The ongoing scourge of link spammers

Does it make any sense to you that these search terms have been searched for heavily?

  • the surveyor observed the use
  • the rivals shattered the farm
  • the link entitled the names
  • the trolls ambushed the dwarfs
  • the dwarfs ambushed the trolls

Hal Daume doesn't think so. He's analyzing a Google database of words known as their 5gram corpus. This is the list of most searched for sets of search terms that have only 5 keywords in them. None of them seem like they should be common search terms. They don't return very many web documents -- for some of them, none at all.

Hal can't figure out what's going on, but he asks his readers to leave comments if they have an inkling. Bob Moore writes:
I think there is link spamming going on here. When I searched for "the surveyor observed the use", Google returned the following as the fourth ranked search result:

e-Commerce Writers and Academician | XING1 101500 the surveyor observed the use 2 30619 the rivals shattered the farm 3 27999 the link entitled the names 4 22928 the trolls ambushed the dwarfs ...

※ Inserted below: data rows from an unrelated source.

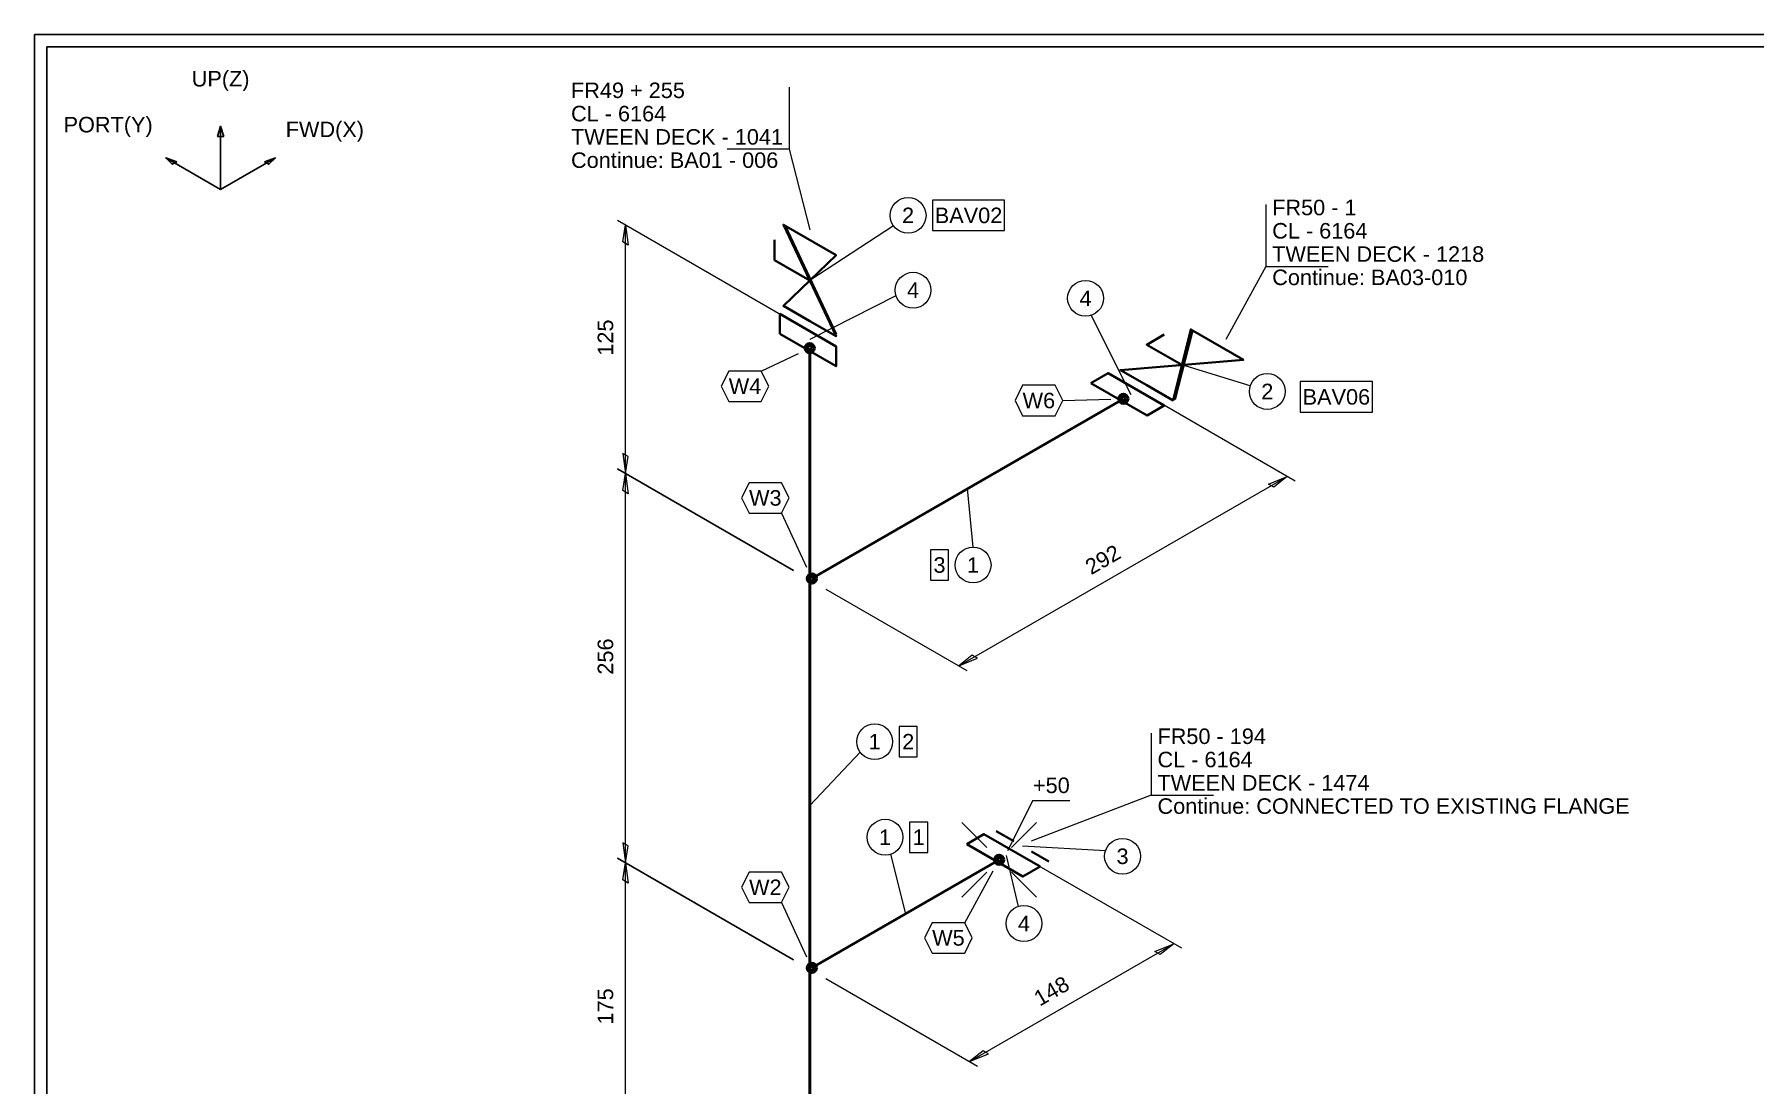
# Model space of a CAD drawing. Header units: millimetres. Extents: x 0 to 420, y 0 to 297.
# Drawn here: x 0 to 277.1, y 127.8 to 297 of the extents above; entities that cross this region are included whole.
import ezdxf
from ezdxf.enums import TextEntityAlignment as Align

# ---------------------------------------------------------------- set-up
doc = ezdxf.new("R2010")
doc.units = ezdxf.units.MM
for name, color, linetype in [('I_Coordinates', 11, 'Continuous'), ('I_CutNumbers', 10, 'Continuous'), ('I_Dimensions', 4, 'Continuous'), ('I_OtherComponents', 2, 'Continuous'), ('I_PartNumbers', 9, 'Continuous'), ('I_Pipes', 1, 'Continuous'), ('I_Tags', 8, 'Continuous'), ('SymbolsOnDrawingSheet', 1, 'Continuous')]:
    doc.layers.add(name, color=color, linetype=linetype)
doc.styles.add('Cadmatic Default Text', font='arial.ttf')

# ---------------------------------------------------------------- blocks, each defined once
blk = doc.blocks.new('SEDS_SPOOL_FORMAT_Gol_6')
at = {"layer": 'SymbolsOnDrawingSheet', "linetype": 'ByBlock', "lineweight": -3, "flags": 128}
for points in [[(0, 297), (420, 297), (420, 0), (0, 0), (0, 297)], [(418.01, 295.01), (2, 295.01)], [(2, 295.01), (2, 2)]]:
    blk.add_lwpolyline(points, dxfattribs=at)
blk = doc.blocks.new('BA01726636990_PRT_55_3')
at = {"layer": 'I_OtherComponents', "linetype": 'ByBlock', "lineweight": 35}
blk.add_line((94.01, 225.39), (85.81, 242.87), dxfattribs=at)
at = {"layer": 'I_OtherComponents', "linetype": 'ByBlock', "lineweight": 35, "flags": 128}
for points in [[(89.77, 227.51), (85.53, 229.96), (94.01, 238.13), (85.53, 243.03), (94.01, 225.07), (89.77, 227.51)], [(89.77, 234.05), (84.11, 237.31), (84.11, 240.58)]]:
    blk.add_lwpolyline(points, dxfattribs=at)
at = {"layer": 'I_OtherComponents', "flags": 1}
blk.add_attdef('ValvePos', (89.77, 234.05), '', height=2.5, dxfattribs=at)
blk = doc.blocks.new('BA01726636990_PRT_56_3')
at = {"layer": 'I_OtherComponents', "linetype": 'ByBlock', "lineweight": 35, "flags": 128}
blk.add_lwpolyline([(84.96, 225.44), (84.96, 228.66), (94.01, 223.43), (94.01, 220.22), (84.96, 225.44)], dxfattribs=at)
at = {"layer": 'I_OtherComponents', "linetype": 'ByBlock', "lineweight": 50}
for radius in [0.75, 0.375]:
    blk.add_circle((89.77, 223.16), radius, dxfattribs=at)
blk = doc.blocks.new('BA01726636990_PRT_57_3')
at = {"layer": 'I_Pipes', "linetype": 'ByBlock', "lineweight": 50}
blk.add_line((89.77, 75.81), (89.77, 223.16), dxfattribs=at)
blk = doc.blocks.new('BA01726636990_PRT_73_3')
at = {"layer": 'I_OtherComponents', "linetype": 'ByBlock', "lineweight": 35}
blk.add_line((148.6, 214.89), (151.43, 225.99), dxfattribs=at)
at = {"layer": 'I_OtherComponents', "linetype": 'ByBlock', "lineweight": 35, "flags": 128}
for points in [[(144.07, 217.18), (139.83, 219.62), (159.63, 221.26), (151.15, 226.16), (148.32, 214.73), (144.07, 217.18)], [(149.73, 220.44), (144.07, 223.71), (146.9, 225.34)]]:
    blk.add_lwpolyline(points, dxfattribs=at)
at = {"layer": 'I_OtherComponents', "flags": 1}
blk.add_attdef('ValvePos', (149.73, 220.44), '', height=2.5, dxfattribs=at)
blk = doc.blocks.new('BA01726636990_PRT_74_3')
at = {"layer": 'I_OtherComponents', "linetype": 'ByBlock', "lineweight": 35, "flags": 128}
blk.add_lwpolyline([(135.07, 217.53), (137.85, 219.13), (146.9, 213.91), (144.12, 212.3), (135.07, 217.53)], dxfattribs=at)
at = {"layer": 'I_OtherComponents', "linetype": 'ByBlock', "lineweight": 50}
for radius in [0.75, 0.375]:
    blk.add_circle((140.3, 215), radius, dxfattribs=at)
blk = doc.blocks.new('BA01726636990_PRT_75_3')
at = {"layer": 'I_Pipes', "linetype": 'ByBlock', "lineweight": 50}
blk.add_line((140.3, 215), (90.12, 186.03), dxfattribs=at)
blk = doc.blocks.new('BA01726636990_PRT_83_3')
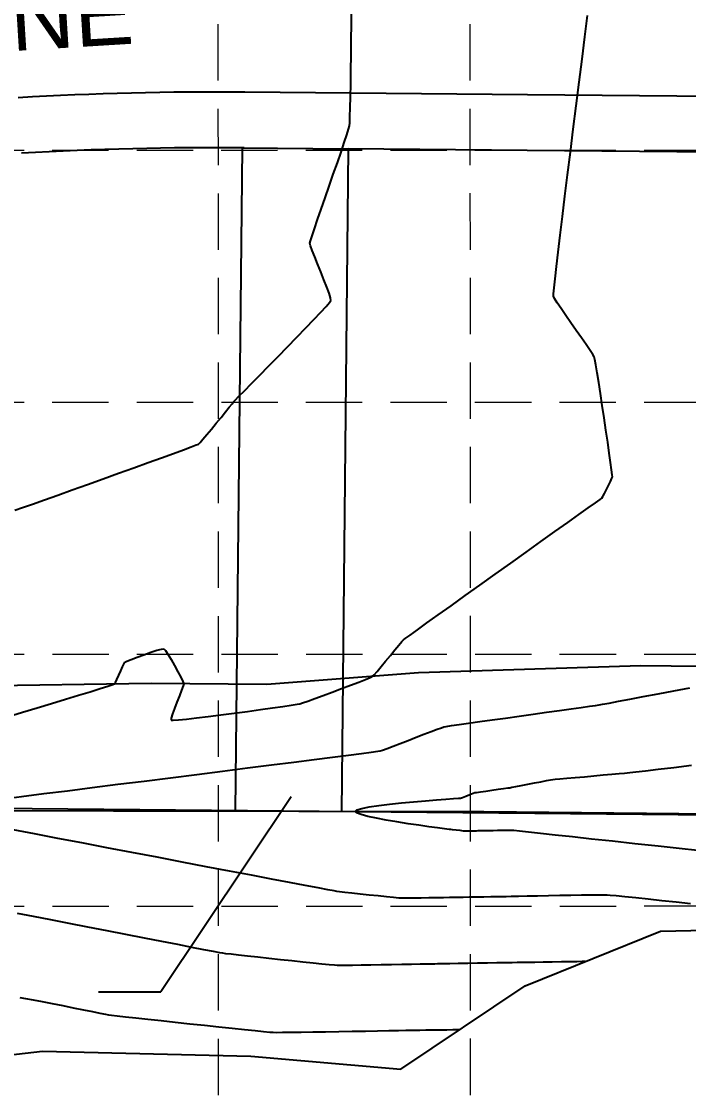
# Model space of a CAD drawing. Extents: x -500 to 2880, y -1767 to 500.
# Drawn here: x 2365.7 to 2491.5, y -1324.6 to -1122.6 of the extents above; entities that cross this region are included whole.
import ezdxf
from ezdxf.enums import TextEntityAlignment as Align

# ---------------------------------------------------------------- set-up
doc = ezdxf.new("R2010")
doc.units = 0
doc.header["$LTSCALE"] = 25
doc.header["$MEASUREMENT"] = 0
doc.linetypes.add('HIDDEN', pattern=[0.375, 0.25, -0.125])
for name, color, linetype in [('CONT-MNR', 9, 'HIDDEN'), ('GRID', 254, 'HIDDEN'), ('P-LOTS', 1, 'CONTINUOUS'), ('P-ROW', 2, 'CONTINUOUS'), ('PHASE2', 9, 'CONTINUOUS'), ('PHASE2TEXT', 9, 'CONTINUOUS'), ('SRF-FLT', 7, 'CONTINUOUS'), ('STREET', 6, 'CONTINUOUS')]:
    doc.layers.add(name, color=color, linetype=linetype)
doc.styles.get("Standard").update_dxf_attribs({"font": 'ARIAL.TTF'})

msp = doc.modelspace()

# ---------------------------------------------------------------- linework, layer by layer
at = {"layer": 'CONT-MNR', "color": 35}
for p, q in [((2427.92, -1123.19, 584), (2427.93, -1120.35, 584)), ((2471.94, -1125.54, 583), (2472.45, -1121.5, 583)), ((2427.89, -1126.09, 584), (2427.92, -1123.19, 584)), ((2427.86, -1128.99, 584), (2427.89, -1126.09, 584)), ((2471.41, -1129.77, 583), (2471.94, -1125.54, 583)), ((2427.83, -1131.81, 584), (2427.86, -1128.99, 584)), ((2470.86, -1134.12, 583), (2471.41, -1129.77, 583)), ((2427.79, -1134.45, 584), (2427.83, -1131.81, 584)), ((2427.74, -1136.84, 584), (2427.79, -1134.45, 584)), ((2470.31, -1138.54, 583), (2470.86, -1134.12, 583)), ((2427.7, -1138.91, 584), (2427.74, -1136.84, 584)), ((2427.65, -1140.57, 584), (2427.7, -1138.91, 584)), ((2469.75, -1142.96, 583), (2470.31, -1138.54, 583)), ((2427.6, -1141.74, 584), (2427.65, -1140.57, 584)), ((2427.06, -1144.01, 584), (2427.4, -1142.93, 584)), ((2427.4, -1142.93, 584), (2427.55, -1142.34, 584)), ((2427.55, -1142.34, 584), (2427.6, -1141.74, 584)), ((2469.21, -1147.32, 583), (2469.75, -1142.96, 583)), ((2426.57, -1145.48, 584), (2427.06, -1144.01, 584)), ((2425.96, -1147.27, 584), (2426.57, -1145.48, 584)), ((2425.27, -1149.29, 584), (2425.96, -1147.27, 584)), ((2468.68, -1151.56, 583), (2469.21, -1147.32, 583)), ((2424.51, -1151.46, 584), (2425.27, -1149.29, 584)), ((2423.73, -1153.7, 584), (2424.51, -1151.46, 584)), ((2468.18, -1155.62, 583), (2468.68, -1151.56, 583)), ((2422.96, -1155.93, 584), (2423.73, -1153.7, 584)), ((2422.21, -1158.06, 584), (2422.96, -1155.93, 584)), ((2467.71, -1159.45, 583), (2468.18, -1155.62, 583)), ((2421.54, -1160.02, 584), (2422.21, -1158.06, 584)), ((2420.96, -1161.73, 584), (2421.54, -1160.02, 584)), ((2467.29, -1162.97, 583), (2467.71, -1159.45, 583)), ((2420.22, -1164.04, 584), (2420.51, -1163.09, 584)), ((2420.51, -1163.09, 584), (2420.96, -1161.73, 584)), ((2466.91, -1166.14, 583), (2467.29, -1162.97, 583)), ((2420.11, -1164.48, 584), (2420.22, -1164.04, 584)), ((2420.23, -1164.95, 584), (2420.11, -1164.48, 584)), ((2420.54, -1165.82, 584), (2420.23, -1164.95, 584)), ((2421, -1167, 584), (2420.54, -1165.82, 584)), ((2421.55, -1168.38, 584), (2421, -1167, 584)), ((2466.58, -1168.88, 583), (2466.91, -1166.14, 583)), ((2422.15, -1169.86, 584), (2421.55, -1168.38, 584)), ((2466.32, -1171.15, 583), (2466.58, -1168.88, 583)), ((2422.74, -1171.35, 584), (2422.15, -1169.86, 584)), ((2466.14, -1172.87, 583), (2466.32, -1171.15, 583)), ((2423.27, -1172.73, 584), (2422.74, -1171.35, 584)), ((2423.71, -1173.91, 584), (2423.27, -1172.73, 584)), ((2466.03, -1174, 583), (2466.14, -1172.87, 583)), ((2423.98, -1174.78, 584), (2423.71, -1173.91, 584)), ((2423.8, -1175.61, 584), (2424.05, -1175.24, 584)), ((2424.05, -1175.24, 584), (2423.98, -1174.78, 584)), ((2466.01, -1174.46, 583), (2466.03, -1174, 583)), ((2466.23, -1174.91, 583), (2466.01, -1174.46, 583)), ((2466.73, -1175.71, 583), (2466.23, -1174.91, 583)), ((2422.13, -1177.47, 584), (2423.14, -1176.37, 584)), ((2423.14, -1176.37, 584), (2423.8, -1175.61, 584)), ((2467.45, -1176.8, 583), (2466.73, -1175.71, 583)), ((2468.33, -1178.08, 583), (2467.45, -1176.8, 583)), ((2419.33, -1180.42, 584), (2420.84, -1178.84, 584)), ((2420.84, -1178.84, 584), (2422.13, -1177.47, 584)), ((2469.31, -1179.47, 583), (2468.33, -1178.08, 583)), ((2417.66, -1182.15, 584), (2419.33, -1180.42, 584)), ((2470.32, -1180.91, 583), (2469.31, -1179.47, 583)), ((2471.3, -1182.31, 583), (2470.32, -1180.91, 583)), ((2415.9, -1183.97, 584), (2417.66, -1182.15, 584)), ((2472.19, -1183.58, 583), (2471.3, -1182.31, 583)), ((2414.1, -1185.82, 584), (2415.9, -1183.97, 584)), ((2472.93, -1184.66, 583), (2472.19, -1183.58, 583)), ((2473.46, -1185.46, 583), (2472.93, -1184.66, 583)), ((2412.32, -1187.64, 584), (2414.1, -1185.82, 584)), ((2473.71, -1185.9, 583), (2473.46, -1185.46, 583)), ((2473.82, -1186.38, 583), (2473.71, -1185.9, 583)), ((2474, -1187.4, 583), (2473.82, -1186.38, 583)), ((2474.25, -1188.87, 583), (2474, -1187.4, 583)), ((2409.1, -1190.92, 584), (2410.64, -1189.36, 584)), ((2410.64, -1189.36, 584), (2412.32, -1187.64, 584)), ((2474.54, -1190.7, 583), (2474.25, -1188.87, 583)), ((2407.78, -1192.27, 584), (2409.1, -1190.92, 584)), ((2474.86, -1192.79, 583), (2474.54, -1190.7, 583)), ((2406.02, -1194.06, 584), (2406.73, -1193.33, 584)), ((2406.73, -1193.33, 584), (2407.78, -1192.27, 584)), ((2475.21, -1195.05, 583), (2474.86, -1192.79, 583)), ((2404.18, -1196.25, 584), (2404.9, -1195.37, 584)), ((2404.9, -1195.37, 584), (2405.43, -1194.72, 584)), ((2405.43, -1194.72, 584), (2405.71, -1194.38, 584)), ((2405.71, -1194.38, 584), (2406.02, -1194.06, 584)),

Notice that the first four of Hal's weird 5-grams show up just in this small snippet. When I checked the cached copy of the page that was pointed to, Google told me that the search term occurred only in the referring pages. Probably someone has created a link farm using these 5-grams to boost the rank of the pages they point to when these terms are used as search queries

Whoa, what? Someone just uncovered a cool trick of link spammers. By making elaborate spam pages (the kind we ban and kill with relish at Posterous) that contain this obscure set of terms, they can just get ranked signficantly higher. Makes you realize there many dimensions to fighting blackhat SEO link spammers... not just URL, and not just referrer. Anything is a weapon, even a particularly obscure turn of phrase.